In Martin’s debut fantasy tale, warring states wage bloody battles in a parallel universe.
Earthlike planet Xahr, populated by pugnacious, medieval-type humans, is rocked by perpetual war between the continental powers of the Banthyk Union and the Kingdom of Sarkrea. The right-thinking residents of Banthyk ride above their swampy homeland on the backs of gigantic lizards called trazlixes. The Sarkreans—bad guys who have shaved heads—use a mineral called convesium to heal their wounds and perform other magical feats. A host of peculiarly named substances, creatures and people course through the book, though Martin helpfully includes a lengthy introduction and frequent asides to explain each strange new word in this strange new world.
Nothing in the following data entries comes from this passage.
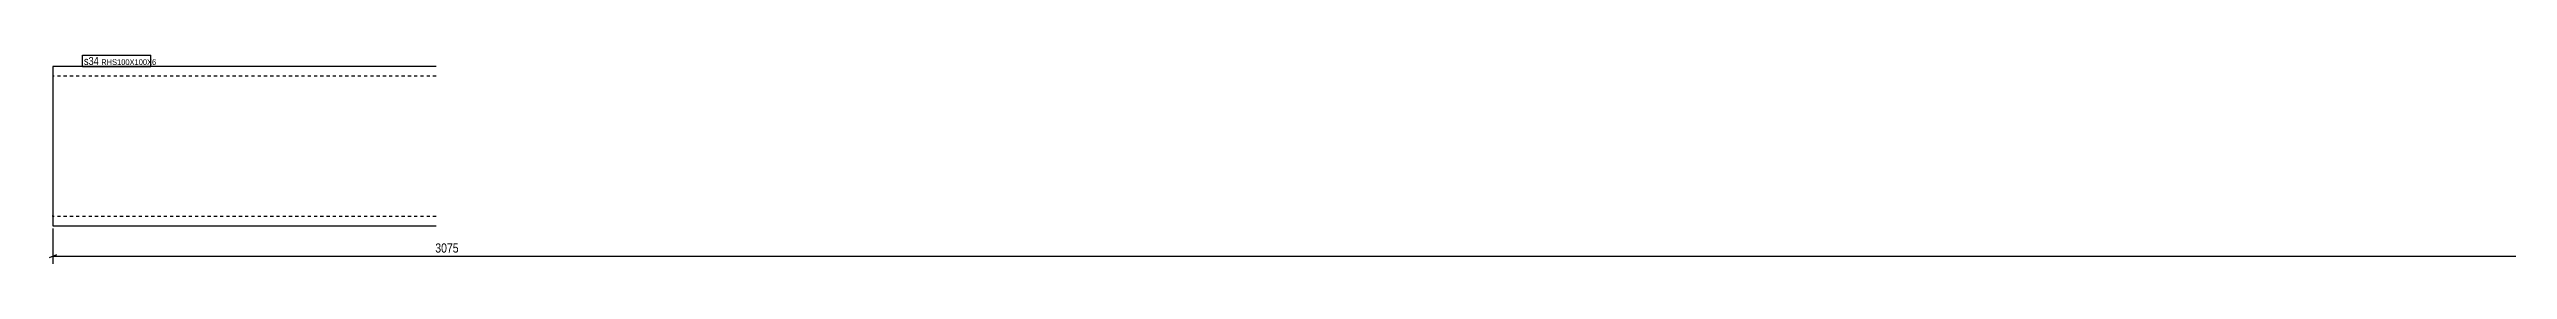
# Model space of a CAD drawing. Header units: millimetres. Extents: x 4 to 3084, y 4 to 172.
# Drawn here: x 4 to 1544, y 4 to 136 of the extents above; entities that cross this region are included whole.
import ezdxf

# ---------------------------------------------------------------- set-up
doc = ezdxf.new("R2010")
doc.units = ezdxf.units.MM
doc.linetypes.add('DXK_LINE_DOT2', pattern=[3.9198, 1.9599, -1.9599])
for name, color, linetype in [('MÅLSÆTNING', 7, 'Continuous'), ('STÅL', 7, 'Continuous'), ('TEKST', 7, 'Continuous')]:
    doc.layers.add(name, color=color, linetype=linetype)
doc.styles.add('Arial Narrow', font='ARIALN.TTF', dxfattribs={"height": 0.2})

msp = doc.modelspace()

# ---------------------------------------------------------------- linework, layer by layer
at = {"layer": 'MÅLSÆTNING', "color": 7, "linetype": 'Continuous'}
for p, q in [((6.8, 26.8), (6.8, 4.5)), ((9, 10.2), (4.5, 8.4)), ((6.8, 9.3), (3081.7, 9.3))]:
    msp.add_line(p, q, dxfattribs=at)
at = {"layer": 'STÅL', "color": 2, "linetype": 'Continuous'}
for p, q in [((246.8, 128.3), (6.8, 128.3)), ((6.8, 128.3), (6.8, 29.2)), ((6.8, 29.2), (6.8, 28.3)), ((6.8, 28.3), (246.8, 28.3))]:
    msp.add_line(p, q, dxfattribs=at)
at = {"layer": 'STÅL', "color": 7, "linetype": 'DXK_LINE_DOT2'}
for p, q in [((246.8, 122.3), (6.8, 122.3)), ((6.8, 34.3), (6.8, 34.8)), ((246.8, 34.3), (6.8, 34.3))]:
    msp.add_line(p, q, dxfattribs=at)

# ---------------------------------------------------------------- next in the draw order: wipeouts: each hides what was drawn before it
at = {"color": 0}
for points, layer in [([(2843.3, 10.4), (2843.3, 18.8), (245.1, 18.8), (245.1, 10.4)], 'MÅLSÆTNING'), ([(35.5, 129.3), (35.5, 134.6), (26.3, 134.6), (26.3, 129.3)], 'TEKST')]:
    msp.add_wipeout(points, dxfattribs=at).dxf.layer = layer

# ---------------------------------------------------------------- next in the draw order: texts
at = {"layer": 'MÅLSÆTNING', "color": 3, "style": 'Arial Narrow'}
msp.add_text('3075', height=5.73, dxfattribs=at).set_placement((246.3, 11.6))

# ---------------------------------------------------------------- next in the draw order: wipeouts: each hides what was drawn before it
at = {"color": 0}
msp.add_wipeout([(35.5, 129.3), (35.5, 134.6), (26.3, 134.6), (26.3, 129.3)], dxfattribs=at).dxf.layer = 'TEKST'

# ---------------------------------------------------------------- next in the draw order: linework, layer by layer
at = {"layer": 'TEKST', "color": 7, "linetype": 'Continuous'}
msp.add_line((25.4, 128.4), (25.4, 135.5), dxfattribs=at)

# ---------------------------------------------------------------- next in the draw order: wipeouts: each hides what was drawn before it
at = {"color": 0}
msp.add_wipeout([(67.2, 129.3), (67.2, 133.1), (37.1, 133.1), (37.1, 129.3)], dxfattribs=at).dxf.layer = 'TEKST'

# ---------------------------------------------------------------- next in the draw order: wipeouts: each hides what was drawn before it
msp.add_wipeout([(67.2, 129.3), (67.2, 133.1), (37.1, 133.1), (37.1, 129.3)], dxfattribs=at).dxf.layer = 'TEKST'

# ---------------------------------------------------------------- next in the draw order: linework, layer by layer
at = {"layer": 'TEKST', "color": 7, "linetype": 'Continuous'}
for p, q in [((25.4, 135.5), (68.1, 135.5)), ((25.4, 128.4), (68.1, 128.4)), ((68.1, 128.4), (68.1, 135.5))]:
    msp.add_line(p, q, dxfattribs=at)

# ---------------------------------------------------------------- next in the draw order: texts
at = {"layer": 'TEKST', "color": 3, "style": 'Arial Narrow'}
for s, height, p in [('s34', 5.01, (26.3, 129.3)), ('RHS100X100X6', 3.579, (37.1, 129.3))]:
    msp.add_text(s, height=height, dxfattribs=at).set_placement(p)

doc.saveas('drawing.dxf')

He’s a little too helpful, in fact, as the pedantic exposition impedes the narrative flow; the map at the beginning of the book and the glossary at the end would have sufficed. The story also trips with writing tics that detract from the author’s clever creations. Too often he indulges in passive verbs and weak constructions—“Determination was evident,” he flatly notes of a wounded fighter’s mindset—and he sprinkles the text with clunky phrasing and words. Even if not always serviceable, the writing seems salvageable. At times, the prose is even pungent and pithy, as with a description of the Banthyk swamps: “A familiar smell of dead and rotting animals and plants permeated the air as the striding lizards plunged through the marsh.” But the plot is overly simplistic and most of the cast are more like video game caricatures than real-life characters. Although the feuding warriors engage in plenty of action-packed battles—often dispatching one another in creatively gory ways—too few well-developed personalities emerge from the carnage, and the leading heroes and villains come across as wooden. Many of the pages given over to exposition would be more valuable if devoted to further developing the sketchy characters and plot.
Intriguing storylines, creatures and weapons, but the human component is lacking.